WHAT IS EXPECTED: Write out exactly the lines below that run from the one containing "- removed R?" through the one containing "- removed U8: ESP32-WROOM-32U, RF_Module:ESP32-WROOM-32U, symbol", both included, with no other lines.

MATERIALS PROVIDED:
=-=-=-=-=
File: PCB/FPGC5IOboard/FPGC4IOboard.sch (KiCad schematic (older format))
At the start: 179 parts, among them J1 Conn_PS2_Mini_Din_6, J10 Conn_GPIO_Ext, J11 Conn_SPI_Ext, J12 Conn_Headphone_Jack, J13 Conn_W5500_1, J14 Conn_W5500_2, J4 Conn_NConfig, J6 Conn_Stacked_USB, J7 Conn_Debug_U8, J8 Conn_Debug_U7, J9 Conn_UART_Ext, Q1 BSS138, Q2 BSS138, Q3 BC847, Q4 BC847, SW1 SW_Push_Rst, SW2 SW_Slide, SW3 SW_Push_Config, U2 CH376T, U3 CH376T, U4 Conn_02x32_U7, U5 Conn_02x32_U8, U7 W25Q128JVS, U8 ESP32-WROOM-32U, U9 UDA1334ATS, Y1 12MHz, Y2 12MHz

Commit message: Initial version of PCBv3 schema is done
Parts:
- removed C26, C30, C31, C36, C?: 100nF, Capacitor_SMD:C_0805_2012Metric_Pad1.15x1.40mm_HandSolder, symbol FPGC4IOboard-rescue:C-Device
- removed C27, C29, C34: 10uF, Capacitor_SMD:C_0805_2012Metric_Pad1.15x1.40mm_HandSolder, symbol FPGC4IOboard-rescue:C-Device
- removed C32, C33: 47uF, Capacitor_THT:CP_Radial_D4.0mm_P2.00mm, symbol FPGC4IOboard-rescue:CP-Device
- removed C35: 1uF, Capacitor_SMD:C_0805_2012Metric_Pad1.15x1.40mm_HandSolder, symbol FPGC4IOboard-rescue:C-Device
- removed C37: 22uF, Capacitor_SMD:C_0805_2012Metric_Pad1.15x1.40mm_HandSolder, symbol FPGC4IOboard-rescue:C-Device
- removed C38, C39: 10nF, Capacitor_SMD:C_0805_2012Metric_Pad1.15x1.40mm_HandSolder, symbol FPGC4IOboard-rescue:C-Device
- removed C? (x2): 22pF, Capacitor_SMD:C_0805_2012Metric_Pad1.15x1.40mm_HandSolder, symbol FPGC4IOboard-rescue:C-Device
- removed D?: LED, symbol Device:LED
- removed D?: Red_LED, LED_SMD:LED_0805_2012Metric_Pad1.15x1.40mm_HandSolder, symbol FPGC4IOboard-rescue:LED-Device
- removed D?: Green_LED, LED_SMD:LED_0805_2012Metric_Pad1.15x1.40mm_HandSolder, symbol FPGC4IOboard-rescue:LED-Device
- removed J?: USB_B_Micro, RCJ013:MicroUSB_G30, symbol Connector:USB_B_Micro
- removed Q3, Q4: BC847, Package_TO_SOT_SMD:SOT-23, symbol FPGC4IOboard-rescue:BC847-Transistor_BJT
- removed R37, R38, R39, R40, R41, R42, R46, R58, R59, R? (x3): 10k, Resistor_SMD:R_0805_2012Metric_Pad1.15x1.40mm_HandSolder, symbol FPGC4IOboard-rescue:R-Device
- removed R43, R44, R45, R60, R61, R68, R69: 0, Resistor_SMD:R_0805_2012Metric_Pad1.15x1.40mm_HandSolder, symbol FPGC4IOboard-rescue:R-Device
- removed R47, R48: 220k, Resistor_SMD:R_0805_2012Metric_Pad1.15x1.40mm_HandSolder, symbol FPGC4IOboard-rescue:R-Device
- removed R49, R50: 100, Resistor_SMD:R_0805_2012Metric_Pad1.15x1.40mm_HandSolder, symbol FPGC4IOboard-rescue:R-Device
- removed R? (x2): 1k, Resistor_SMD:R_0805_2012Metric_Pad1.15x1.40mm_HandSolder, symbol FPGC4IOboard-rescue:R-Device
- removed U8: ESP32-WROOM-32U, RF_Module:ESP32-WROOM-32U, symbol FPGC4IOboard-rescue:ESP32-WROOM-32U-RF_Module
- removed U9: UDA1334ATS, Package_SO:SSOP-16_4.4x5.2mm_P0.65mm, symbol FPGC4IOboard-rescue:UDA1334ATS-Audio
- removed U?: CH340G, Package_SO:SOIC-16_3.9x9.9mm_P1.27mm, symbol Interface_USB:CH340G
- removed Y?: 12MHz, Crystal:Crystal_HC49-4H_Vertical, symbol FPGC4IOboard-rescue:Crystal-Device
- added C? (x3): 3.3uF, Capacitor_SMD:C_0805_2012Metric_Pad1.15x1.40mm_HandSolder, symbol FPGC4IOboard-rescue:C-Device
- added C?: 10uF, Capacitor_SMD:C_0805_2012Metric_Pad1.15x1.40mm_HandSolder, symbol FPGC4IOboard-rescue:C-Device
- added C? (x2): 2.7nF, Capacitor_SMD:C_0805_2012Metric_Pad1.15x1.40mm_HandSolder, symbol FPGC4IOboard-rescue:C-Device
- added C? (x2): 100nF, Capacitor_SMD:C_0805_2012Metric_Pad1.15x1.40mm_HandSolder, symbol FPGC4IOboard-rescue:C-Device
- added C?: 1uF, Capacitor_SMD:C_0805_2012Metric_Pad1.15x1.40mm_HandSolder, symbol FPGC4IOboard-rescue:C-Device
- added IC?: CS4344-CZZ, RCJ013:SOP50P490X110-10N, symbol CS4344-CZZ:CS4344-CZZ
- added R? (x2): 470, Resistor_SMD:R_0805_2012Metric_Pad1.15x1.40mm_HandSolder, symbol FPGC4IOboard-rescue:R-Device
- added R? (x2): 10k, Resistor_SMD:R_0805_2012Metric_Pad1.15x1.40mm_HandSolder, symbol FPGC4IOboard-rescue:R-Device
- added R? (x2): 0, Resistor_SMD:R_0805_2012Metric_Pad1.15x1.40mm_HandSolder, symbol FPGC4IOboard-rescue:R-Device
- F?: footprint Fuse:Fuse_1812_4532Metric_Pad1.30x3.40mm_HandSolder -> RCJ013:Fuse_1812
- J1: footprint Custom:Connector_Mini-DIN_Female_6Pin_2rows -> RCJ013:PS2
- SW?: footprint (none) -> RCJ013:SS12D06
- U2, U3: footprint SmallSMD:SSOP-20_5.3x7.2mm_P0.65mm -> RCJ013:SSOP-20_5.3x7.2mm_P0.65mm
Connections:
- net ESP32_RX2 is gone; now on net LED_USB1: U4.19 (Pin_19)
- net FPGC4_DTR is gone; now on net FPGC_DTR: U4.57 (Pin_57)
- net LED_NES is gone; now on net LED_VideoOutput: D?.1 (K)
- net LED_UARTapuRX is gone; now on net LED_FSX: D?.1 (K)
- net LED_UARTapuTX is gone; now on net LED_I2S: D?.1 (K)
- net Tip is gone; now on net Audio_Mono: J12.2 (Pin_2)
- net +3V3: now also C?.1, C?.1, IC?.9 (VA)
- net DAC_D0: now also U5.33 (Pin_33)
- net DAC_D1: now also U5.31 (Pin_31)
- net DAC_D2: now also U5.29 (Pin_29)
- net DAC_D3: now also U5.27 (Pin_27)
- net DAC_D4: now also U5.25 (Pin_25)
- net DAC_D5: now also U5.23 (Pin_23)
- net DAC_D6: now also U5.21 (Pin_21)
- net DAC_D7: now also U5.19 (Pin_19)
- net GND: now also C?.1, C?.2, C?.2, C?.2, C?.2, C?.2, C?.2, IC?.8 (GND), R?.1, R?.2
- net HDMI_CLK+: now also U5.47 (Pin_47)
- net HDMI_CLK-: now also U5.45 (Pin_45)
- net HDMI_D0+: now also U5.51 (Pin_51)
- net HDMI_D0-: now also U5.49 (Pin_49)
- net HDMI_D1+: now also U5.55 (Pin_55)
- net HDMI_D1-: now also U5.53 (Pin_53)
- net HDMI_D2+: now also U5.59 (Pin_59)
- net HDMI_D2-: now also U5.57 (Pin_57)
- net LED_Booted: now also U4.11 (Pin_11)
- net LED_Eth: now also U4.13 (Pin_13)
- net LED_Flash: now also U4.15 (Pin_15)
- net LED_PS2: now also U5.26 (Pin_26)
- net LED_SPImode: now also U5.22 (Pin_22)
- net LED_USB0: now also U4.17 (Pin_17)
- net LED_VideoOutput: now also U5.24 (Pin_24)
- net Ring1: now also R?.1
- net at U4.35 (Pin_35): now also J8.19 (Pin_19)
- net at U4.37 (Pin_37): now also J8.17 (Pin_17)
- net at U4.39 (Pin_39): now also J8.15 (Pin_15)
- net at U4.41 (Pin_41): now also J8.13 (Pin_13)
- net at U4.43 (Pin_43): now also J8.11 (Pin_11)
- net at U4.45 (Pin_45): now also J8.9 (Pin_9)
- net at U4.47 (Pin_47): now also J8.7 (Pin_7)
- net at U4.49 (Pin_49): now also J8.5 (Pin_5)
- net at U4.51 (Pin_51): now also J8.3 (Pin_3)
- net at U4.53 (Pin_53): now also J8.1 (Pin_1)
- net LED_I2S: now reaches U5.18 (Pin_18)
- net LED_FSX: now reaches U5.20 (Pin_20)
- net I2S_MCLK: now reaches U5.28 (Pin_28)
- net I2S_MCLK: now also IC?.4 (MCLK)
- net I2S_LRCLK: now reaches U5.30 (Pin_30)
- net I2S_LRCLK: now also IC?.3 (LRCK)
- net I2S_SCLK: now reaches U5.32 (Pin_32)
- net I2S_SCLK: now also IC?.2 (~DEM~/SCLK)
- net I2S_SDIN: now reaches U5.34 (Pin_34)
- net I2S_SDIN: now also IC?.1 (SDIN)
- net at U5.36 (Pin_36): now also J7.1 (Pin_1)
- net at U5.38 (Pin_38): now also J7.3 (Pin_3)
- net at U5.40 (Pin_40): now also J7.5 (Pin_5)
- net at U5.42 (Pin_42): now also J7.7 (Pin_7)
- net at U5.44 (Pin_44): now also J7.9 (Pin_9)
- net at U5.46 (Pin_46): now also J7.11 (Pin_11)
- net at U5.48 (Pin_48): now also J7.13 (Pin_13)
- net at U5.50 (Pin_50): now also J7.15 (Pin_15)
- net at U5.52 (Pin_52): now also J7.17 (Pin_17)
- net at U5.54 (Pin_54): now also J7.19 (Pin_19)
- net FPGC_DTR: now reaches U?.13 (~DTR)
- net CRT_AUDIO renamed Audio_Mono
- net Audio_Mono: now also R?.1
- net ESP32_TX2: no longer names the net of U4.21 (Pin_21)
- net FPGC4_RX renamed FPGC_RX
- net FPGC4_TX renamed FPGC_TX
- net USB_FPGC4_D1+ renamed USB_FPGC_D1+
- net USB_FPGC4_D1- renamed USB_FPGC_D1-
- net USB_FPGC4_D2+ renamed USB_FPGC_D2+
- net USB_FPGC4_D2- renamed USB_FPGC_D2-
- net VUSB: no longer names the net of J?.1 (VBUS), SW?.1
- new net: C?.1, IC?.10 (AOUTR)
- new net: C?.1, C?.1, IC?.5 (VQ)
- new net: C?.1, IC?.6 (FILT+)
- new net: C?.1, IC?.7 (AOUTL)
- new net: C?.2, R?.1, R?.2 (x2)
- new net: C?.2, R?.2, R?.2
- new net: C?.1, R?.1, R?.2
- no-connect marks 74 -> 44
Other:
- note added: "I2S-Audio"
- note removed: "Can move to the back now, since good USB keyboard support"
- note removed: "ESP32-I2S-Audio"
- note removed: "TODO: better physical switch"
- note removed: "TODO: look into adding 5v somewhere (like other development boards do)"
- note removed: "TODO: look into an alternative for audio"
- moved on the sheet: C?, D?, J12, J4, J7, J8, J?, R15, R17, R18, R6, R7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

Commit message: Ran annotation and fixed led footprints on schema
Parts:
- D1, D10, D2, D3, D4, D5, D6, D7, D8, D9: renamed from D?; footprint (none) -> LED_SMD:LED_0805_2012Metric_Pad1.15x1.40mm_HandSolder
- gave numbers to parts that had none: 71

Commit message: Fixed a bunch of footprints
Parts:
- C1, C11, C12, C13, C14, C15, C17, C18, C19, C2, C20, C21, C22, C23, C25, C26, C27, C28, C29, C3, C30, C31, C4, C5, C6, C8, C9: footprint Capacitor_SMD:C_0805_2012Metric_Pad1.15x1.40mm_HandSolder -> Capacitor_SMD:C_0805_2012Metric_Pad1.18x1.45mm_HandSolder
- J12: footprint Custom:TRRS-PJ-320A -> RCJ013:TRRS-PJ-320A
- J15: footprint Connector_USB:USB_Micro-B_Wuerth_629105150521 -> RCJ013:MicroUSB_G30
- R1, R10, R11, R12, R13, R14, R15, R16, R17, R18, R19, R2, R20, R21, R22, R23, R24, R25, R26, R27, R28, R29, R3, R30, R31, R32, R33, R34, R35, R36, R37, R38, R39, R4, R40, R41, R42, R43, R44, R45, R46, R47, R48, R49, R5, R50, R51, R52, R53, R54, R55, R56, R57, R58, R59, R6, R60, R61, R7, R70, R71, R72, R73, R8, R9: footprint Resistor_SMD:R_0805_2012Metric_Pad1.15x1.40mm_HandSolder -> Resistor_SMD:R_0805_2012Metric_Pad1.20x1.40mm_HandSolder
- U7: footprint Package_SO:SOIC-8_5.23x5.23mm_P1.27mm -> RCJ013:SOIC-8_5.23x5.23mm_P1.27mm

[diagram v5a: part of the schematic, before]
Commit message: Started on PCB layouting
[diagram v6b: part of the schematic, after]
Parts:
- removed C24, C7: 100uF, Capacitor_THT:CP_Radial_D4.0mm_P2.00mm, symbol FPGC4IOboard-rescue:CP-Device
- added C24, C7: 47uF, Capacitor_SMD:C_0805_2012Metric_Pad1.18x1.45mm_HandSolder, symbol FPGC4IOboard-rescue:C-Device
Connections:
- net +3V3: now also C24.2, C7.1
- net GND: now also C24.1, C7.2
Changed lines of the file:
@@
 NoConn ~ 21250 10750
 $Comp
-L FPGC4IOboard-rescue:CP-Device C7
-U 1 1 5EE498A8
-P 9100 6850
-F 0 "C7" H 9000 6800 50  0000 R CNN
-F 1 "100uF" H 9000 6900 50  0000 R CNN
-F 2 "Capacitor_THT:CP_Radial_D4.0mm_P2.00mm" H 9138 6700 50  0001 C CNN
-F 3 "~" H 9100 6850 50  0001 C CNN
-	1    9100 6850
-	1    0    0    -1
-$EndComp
=-=-=-=-=
RESPONSE BELOW:
- removed R? (x2): 1k, Resistor_SMD:R_0805_2012Metric_Pad1.15x1.40mm_HandSolder, symbol FPGC4IOboard-rescue:R-Device
- removed U8: ESP32-WROOM-32U, RF_Module:ESP32-WROOM-32U, symbol FPGC4IOboard-rescue:ESP32-WROOM-32U-RF_Module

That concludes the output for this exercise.